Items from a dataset
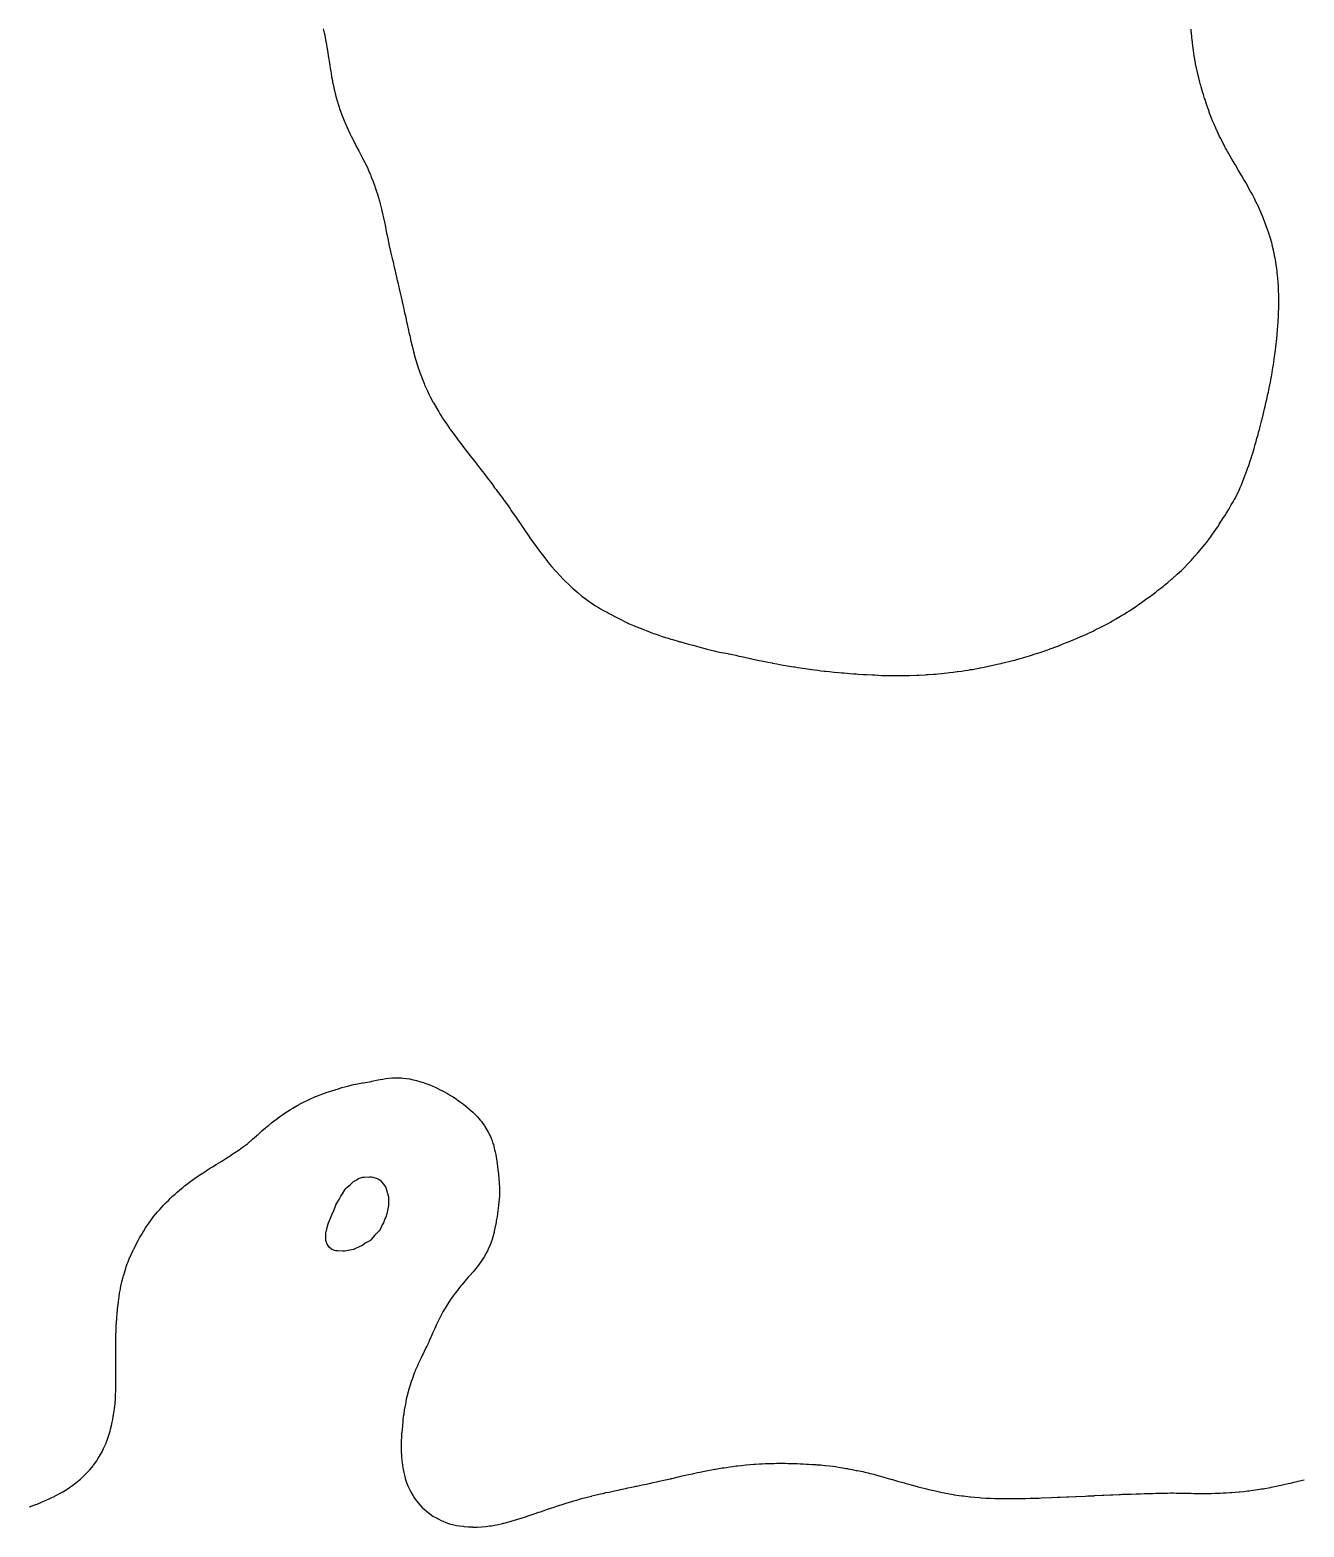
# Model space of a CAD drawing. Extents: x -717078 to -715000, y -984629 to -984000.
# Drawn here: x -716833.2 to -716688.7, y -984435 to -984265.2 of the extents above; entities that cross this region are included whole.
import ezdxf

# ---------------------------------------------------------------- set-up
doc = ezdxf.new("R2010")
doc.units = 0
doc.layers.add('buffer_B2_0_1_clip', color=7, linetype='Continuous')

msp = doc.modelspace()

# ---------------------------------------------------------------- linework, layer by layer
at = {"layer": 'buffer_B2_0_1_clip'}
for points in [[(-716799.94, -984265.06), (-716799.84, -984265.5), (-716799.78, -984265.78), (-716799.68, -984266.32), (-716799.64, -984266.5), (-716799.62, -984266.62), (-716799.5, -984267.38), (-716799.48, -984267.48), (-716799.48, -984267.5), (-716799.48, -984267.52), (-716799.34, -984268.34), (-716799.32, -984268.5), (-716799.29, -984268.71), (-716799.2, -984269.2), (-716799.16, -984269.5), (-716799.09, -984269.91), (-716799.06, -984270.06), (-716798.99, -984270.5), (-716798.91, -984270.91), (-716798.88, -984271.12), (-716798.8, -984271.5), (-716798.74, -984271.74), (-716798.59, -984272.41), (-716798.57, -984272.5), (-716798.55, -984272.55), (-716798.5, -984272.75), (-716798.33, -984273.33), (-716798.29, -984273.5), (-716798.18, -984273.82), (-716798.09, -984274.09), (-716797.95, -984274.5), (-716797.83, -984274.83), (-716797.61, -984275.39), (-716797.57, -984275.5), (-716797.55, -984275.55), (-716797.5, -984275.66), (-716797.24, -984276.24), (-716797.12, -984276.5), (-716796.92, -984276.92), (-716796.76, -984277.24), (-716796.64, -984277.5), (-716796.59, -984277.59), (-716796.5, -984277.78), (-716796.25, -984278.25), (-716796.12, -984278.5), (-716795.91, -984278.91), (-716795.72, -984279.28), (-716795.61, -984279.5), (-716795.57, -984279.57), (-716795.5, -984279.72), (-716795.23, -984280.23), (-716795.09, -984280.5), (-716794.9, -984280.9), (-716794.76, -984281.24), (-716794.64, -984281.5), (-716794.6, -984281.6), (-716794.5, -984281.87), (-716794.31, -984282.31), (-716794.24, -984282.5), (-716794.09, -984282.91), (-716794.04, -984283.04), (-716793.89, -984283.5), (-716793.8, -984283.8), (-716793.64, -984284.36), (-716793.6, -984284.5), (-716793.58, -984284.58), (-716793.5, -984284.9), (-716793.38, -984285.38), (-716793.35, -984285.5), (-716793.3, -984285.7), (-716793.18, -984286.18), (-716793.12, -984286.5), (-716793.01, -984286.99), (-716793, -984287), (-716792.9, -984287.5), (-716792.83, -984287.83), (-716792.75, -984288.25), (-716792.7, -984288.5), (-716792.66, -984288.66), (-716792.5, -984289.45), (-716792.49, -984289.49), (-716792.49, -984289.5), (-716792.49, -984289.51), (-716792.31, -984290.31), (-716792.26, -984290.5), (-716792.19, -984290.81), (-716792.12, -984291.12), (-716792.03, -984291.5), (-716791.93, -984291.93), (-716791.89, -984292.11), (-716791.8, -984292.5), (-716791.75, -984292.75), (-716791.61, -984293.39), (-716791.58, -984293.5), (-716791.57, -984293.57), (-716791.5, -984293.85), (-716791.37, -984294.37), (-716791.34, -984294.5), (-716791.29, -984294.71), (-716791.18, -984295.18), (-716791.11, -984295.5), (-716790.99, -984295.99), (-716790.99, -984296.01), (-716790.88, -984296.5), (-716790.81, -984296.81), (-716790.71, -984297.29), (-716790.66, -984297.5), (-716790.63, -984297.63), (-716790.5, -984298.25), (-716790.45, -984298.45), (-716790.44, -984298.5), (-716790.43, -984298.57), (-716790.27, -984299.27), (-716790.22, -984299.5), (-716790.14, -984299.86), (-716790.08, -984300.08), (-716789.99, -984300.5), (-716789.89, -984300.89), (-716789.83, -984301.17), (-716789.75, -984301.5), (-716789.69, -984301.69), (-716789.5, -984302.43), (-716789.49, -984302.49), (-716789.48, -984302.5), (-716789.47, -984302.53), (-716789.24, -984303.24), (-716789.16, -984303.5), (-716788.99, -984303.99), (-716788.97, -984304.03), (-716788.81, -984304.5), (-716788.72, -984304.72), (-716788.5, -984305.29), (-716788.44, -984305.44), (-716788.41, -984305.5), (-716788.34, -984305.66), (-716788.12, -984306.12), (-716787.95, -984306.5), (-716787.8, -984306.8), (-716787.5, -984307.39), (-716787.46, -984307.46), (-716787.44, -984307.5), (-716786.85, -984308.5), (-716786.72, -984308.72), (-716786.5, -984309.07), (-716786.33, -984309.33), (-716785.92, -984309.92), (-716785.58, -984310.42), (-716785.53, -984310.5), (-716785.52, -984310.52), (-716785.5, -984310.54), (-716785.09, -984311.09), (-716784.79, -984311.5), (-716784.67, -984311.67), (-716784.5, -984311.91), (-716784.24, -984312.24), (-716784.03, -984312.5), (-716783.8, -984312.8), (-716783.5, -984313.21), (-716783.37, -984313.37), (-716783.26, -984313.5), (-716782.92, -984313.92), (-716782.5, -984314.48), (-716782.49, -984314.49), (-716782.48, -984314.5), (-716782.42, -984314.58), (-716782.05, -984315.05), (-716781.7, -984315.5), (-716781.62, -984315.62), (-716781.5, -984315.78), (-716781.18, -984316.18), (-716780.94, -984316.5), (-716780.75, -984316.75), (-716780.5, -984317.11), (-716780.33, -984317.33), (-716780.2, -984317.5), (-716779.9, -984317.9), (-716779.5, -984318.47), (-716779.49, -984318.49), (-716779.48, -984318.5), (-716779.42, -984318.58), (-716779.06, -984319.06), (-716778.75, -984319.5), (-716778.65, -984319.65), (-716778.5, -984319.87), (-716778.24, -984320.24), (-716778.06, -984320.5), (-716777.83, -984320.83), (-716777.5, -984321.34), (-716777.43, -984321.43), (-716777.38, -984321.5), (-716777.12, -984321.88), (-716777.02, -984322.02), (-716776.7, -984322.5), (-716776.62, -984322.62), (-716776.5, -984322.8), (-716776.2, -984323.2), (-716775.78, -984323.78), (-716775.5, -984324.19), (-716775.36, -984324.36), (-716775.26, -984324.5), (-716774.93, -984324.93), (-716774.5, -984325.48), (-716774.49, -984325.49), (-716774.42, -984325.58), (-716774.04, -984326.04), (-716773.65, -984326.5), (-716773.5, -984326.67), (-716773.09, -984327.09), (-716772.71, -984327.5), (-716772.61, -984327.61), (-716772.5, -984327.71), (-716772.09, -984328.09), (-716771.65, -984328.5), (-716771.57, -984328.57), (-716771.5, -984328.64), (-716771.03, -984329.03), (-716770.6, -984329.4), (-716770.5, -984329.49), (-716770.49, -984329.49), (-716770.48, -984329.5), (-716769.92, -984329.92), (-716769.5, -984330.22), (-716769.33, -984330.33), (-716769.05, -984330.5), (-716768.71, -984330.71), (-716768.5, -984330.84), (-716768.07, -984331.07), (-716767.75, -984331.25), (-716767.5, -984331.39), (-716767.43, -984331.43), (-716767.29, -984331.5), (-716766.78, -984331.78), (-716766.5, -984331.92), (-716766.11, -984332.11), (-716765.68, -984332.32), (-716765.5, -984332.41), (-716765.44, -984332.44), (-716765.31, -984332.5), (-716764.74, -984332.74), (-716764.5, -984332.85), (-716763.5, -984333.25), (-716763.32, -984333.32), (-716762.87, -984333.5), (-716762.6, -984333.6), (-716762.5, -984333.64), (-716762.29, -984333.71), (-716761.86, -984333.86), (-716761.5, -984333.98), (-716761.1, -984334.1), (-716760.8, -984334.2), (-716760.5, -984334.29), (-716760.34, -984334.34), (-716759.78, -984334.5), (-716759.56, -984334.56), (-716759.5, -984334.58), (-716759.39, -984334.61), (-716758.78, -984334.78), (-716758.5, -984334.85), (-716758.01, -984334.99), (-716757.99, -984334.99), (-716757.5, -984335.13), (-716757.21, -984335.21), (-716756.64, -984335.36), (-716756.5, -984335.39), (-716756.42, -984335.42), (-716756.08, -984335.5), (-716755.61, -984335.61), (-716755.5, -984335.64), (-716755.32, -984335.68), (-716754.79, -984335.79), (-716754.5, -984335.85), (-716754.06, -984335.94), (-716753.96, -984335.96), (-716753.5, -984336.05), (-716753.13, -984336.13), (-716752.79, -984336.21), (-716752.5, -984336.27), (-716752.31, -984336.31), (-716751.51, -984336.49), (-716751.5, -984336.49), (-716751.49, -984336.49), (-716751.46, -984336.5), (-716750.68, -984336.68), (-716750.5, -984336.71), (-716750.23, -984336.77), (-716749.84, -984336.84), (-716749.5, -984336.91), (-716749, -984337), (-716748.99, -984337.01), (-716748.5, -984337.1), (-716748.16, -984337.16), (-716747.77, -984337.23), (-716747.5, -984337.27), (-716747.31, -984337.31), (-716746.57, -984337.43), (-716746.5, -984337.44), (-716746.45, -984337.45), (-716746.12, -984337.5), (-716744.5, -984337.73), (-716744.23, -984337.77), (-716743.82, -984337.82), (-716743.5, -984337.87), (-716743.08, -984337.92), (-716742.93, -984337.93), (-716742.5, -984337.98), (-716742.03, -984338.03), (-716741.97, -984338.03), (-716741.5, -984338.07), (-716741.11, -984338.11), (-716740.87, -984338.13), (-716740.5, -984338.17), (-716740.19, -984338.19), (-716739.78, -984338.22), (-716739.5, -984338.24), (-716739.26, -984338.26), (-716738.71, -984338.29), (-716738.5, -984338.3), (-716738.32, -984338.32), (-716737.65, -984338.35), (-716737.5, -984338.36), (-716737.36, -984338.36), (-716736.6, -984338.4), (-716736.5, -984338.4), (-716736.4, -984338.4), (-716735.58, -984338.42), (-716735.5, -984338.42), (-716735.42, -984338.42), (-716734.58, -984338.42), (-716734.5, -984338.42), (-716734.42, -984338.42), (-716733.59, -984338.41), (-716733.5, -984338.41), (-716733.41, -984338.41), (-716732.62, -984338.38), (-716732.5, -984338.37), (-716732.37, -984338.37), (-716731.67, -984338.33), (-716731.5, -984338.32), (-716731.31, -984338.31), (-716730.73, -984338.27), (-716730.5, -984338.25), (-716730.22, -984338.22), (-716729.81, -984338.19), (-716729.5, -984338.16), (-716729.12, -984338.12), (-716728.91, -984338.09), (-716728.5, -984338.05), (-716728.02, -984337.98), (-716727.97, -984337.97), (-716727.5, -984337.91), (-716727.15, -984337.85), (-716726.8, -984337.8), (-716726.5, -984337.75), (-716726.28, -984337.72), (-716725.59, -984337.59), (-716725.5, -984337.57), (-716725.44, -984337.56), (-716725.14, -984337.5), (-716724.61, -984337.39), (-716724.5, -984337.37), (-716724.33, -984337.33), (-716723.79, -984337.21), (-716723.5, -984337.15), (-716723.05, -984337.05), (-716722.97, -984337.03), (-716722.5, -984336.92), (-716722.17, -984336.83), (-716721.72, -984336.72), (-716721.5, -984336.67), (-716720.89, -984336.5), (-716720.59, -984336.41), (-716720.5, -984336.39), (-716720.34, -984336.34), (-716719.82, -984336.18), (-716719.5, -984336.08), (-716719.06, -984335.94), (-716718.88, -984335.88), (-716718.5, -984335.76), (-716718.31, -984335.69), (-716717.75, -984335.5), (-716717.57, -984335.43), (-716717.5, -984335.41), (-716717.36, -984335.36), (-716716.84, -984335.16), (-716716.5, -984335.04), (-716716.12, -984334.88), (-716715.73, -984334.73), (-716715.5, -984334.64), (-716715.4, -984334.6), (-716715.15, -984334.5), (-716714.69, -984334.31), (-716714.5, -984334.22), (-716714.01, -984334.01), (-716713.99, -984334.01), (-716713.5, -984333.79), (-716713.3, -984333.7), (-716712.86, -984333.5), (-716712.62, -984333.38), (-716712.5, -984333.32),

**What you are asked to do**
Transcribe exactly each line of the records from the start up to and including the one with "msp = doc.modelspace()", and leave out every picture.

**Response for this exercise**
# Model space of a CAD drawing. Extents: x -717078 to -715000, y -984629 to -984000.
# Drawn here: x -716833.2 to -716688.7, y -984435 to -984265.2 of the extents above; entities that cross this region are included whole.
import ezdxf

# ---------------------------------------------------------------- set-up
doc = ezdxf.new("R2010")
doc.units = 0
doc.layers.add('buffer_B2_0_1_clip', color=7, linetype='Continuous')

msp = doc.modelspace()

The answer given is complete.